Some say it looked like a drama, while others labeled it as a portrayal of the escalation of distrust among countries in Asia Pacific. However, at the same time, each country still shows eagerness to raise their objections and points of view. This depicts the essence of dialogue itself as an attempt to open a debate forum and find a peaceful solution.

But what can Indonesia learn from the Shangri-La Dialogue this year anyway? One thing for sure is the next Indonesian president has a more challenging job in response to shifting power in Asia Pacific. The way in which the upcoming government formulizes its foreign and security policy will come under the regional and international spotlights.

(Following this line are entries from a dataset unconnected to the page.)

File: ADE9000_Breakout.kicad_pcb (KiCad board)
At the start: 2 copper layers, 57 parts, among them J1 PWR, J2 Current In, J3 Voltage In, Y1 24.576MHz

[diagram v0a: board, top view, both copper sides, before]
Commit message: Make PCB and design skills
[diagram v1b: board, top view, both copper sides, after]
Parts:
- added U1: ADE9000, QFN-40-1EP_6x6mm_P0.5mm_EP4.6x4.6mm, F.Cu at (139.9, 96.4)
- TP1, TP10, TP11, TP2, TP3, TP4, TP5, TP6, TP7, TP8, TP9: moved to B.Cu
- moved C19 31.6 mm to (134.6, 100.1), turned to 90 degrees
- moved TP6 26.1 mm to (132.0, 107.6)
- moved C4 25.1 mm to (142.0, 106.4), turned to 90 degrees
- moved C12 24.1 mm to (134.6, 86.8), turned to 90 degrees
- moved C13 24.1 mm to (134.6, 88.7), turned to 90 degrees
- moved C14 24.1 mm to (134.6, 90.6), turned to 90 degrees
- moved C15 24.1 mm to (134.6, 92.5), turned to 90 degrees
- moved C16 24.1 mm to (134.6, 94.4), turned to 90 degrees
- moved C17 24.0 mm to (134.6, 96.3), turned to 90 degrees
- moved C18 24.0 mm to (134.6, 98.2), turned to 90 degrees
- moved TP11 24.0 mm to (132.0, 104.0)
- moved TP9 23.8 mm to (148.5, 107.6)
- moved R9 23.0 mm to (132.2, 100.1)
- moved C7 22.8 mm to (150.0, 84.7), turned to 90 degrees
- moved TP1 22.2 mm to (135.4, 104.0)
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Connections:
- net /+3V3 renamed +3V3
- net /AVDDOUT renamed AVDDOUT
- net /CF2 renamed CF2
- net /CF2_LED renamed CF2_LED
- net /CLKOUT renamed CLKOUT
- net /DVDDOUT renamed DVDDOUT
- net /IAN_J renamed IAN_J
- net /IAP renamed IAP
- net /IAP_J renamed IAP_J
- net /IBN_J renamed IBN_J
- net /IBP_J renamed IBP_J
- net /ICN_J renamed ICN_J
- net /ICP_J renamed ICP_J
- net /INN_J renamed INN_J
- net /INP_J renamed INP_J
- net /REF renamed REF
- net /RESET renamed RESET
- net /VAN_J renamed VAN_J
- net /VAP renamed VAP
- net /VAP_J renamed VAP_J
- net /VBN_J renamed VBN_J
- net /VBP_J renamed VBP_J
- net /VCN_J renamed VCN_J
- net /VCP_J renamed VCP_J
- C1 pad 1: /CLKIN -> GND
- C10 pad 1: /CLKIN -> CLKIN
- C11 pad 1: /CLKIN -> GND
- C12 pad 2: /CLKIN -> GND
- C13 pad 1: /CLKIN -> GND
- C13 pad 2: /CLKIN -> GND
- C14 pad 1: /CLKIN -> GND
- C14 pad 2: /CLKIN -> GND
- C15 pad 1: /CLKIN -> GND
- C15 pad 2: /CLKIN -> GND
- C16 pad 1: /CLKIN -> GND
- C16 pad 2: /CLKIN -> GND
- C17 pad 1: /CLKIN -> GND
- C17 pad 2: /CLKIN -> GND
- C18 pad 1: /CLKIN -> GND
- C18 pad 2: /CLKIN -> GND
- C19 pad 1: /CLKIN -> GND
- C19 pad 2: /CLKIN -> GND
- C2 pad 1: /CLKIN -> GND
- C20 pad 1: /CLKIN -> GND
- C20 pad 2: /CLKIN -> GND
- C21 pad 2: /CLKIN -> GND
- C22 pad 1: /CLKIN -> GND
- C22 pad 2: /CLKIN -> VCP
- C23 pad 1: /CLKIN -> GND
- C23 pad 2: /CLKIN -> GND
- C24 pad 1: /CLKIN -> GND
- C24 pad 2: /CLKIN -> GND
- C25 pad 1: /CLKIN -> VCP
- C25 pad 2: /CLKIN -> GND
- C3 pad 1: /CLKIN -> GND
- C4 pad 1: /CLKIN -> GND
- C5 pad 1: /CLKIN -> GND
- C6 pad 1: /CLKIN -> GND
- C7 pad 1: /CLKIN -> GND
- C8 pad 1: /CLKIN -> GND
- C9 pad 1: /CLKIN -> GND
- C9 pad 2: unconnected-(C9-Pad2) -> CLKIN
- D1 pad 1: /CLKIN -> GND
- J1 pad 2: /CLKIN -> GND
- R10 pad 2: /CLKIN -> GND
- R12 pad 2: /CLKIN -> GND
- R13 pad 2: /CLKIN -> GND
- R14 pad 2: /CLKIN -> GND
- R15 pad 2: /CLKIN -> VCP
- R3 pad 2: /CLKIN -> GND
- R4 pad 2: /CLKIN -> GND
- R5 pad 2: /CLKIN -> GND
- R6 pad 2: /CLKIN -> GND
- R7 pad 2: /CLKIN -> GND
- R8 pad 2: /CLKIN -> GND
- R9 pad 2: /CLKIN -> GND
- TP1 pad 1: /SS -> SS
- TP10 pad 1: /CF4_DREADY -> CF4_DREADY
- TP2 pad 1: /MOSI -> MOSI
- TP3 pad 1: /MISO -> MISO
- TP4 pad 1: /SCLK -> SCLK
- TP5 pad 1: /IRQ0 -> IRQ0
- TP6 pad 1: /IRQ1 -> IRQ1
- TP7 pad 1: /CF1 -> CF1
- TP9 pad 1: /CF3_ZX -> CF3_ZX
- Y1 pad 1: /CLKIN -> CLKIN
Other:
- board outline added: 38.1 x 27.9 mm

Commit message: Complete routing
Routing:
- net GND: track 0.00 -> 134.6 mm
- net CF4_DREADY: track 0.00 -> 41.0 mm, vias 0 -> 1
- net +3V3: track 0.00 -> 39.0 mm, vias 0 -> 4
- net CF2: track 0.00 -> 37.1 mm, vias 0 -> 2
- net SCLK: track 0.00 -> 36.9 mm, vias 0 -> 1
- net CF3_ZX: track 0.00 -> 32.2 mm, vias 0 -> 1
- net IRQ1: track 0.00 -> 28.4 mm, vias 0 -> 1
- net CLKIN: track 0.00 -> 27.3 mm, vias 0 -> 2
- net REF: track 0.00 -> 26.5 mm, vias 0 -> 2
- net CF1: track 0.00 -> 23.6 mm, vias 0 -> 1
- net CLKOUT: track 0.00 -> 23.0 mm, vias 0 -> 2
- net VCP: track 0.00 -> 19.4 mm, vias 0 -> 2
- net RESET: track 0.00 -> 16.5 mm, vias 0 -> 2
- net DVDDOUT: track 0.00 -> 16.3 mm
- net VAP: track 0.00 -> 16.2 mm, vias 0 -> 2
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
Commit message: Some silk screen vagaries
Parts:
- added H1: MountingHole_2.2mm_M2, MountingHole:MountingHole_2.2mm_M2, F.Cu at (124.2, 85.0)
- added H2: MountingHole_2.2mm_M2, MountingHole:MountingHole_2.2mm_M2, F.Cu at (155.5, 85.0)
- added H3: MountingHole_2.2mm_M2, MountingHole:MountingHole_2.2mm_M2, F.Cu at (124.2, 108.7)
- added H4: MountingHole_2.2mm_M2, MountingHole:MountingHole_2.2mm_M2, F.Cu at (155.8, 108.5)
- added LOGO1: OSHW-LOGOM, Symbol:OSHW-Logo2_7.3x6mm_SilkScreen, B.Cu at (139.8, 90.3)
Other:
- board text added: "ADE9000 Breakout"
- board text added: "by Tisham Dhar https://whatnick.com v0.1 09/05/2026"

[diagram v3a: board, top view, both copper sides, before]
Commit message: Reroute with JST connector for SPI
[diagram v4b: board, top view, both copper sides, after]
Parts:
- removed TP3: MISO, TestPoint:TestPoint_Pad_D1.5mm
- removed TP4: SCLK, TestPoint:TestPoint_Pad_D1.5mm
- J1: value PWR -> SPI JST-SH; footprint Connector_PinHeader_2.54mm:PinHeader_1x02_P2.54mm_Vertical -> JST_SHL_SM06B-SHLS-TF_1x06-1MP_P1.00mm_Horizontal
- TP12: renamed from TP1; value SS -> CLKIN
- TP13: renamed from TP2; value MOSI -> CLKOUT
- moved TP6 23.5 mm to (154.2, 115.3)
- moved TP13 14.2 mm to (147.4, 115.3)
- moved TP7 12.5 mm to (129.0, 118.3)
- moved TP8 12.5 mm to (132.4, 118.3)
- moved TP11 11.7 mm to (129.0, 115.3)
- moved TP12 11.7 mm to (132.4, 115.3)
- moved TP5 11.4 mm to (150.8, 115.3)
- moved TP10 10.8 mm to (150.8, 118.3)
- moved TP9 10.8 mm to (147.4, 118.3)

Then there are several points that should become the main concerns of the seventh president of Indonesia in shaping his foreign and security policy.

First is continuation of President Susilo Bambang Yudhoyono’s policy. During his two terms as president, Indonesia has had quite impressive track records in foreign and security policies supported by a relatively stable domestic politics and economic condition.

Yudhoyono is a proponent of Indonesia’s active participation in regional and international forums. He has apparently carried on the efforts of Megawati Soekarnoputri to strengthen Indonesia’s role in ASEAN after holding the rotating chairmanship of the grouping in 2003. Yudhoyono’s government has deeply engaged in various ASEAN meetings, like the ASEAN Defense Ministers Meeting, ASEAN Regional Forum, East Asia Summit and helped set up the ASEAN Human Rights Declaration in 2012.

Indonesia has also participated in international operations. For instance, it has been involved in the UN peacekeeping mission and in delivering humanitarian assistance as well as formulating the post-2015 development agenda together with the UK and Liberia as co-chairs of the High-level Panel under the UN Secretary General’s mandate.

Second, Indonesia doesn’t have to choose to be an ally of any single major power in the region. I think we can still implement our “independent and active” foreign policy doctrine with some adjustments through the dynamic equilibrium principle.

In the short and mid periods, we’re not only facing the US-China power shift, but also the rise of Japan and India, who will both play a more assertive role in the region. Rather than take a side, Indonesia as the natural leader of ASEAN should embrace all countries in managing order in Asia Pacific. Therefore, ASEAN is the fundamental platform for Indonesia to reach its strategic interests at the regional and international level.

Third, Indonesia needs a white paper to project Indonesia’s goals in economic, security, defense and foreign affairs. In the next 15 years, Indonesia might focus on how to achieve its target as a middle power that can serve as a “stabilizer” in Asia Pacific.

However, in the long run, let’s say 30-35 years later, Indonesia has to have a vision to become a major power. We have the economic, social and cultural capital based on our geographical landscape as well as human and natural resources.

To become a major power, Indonesia also needs to gradually enhance its military capability. As Defense Minister Purnomo Yusgiantoro said in the recent Shangri-La Dialogue, Indonesia is on its way to modernizing its military capability to achieve the minimum essential force by the 2020s. The increasing military budget should be balanced by transparency and military professionalism.

No one doubts Indonesia’s strategic position in the Asia-Pacific. All we need is a leader who has the capacity to maintain economic and domestic political stability in a democratic way, and at the same time the ability to play a more pivotal role in the region.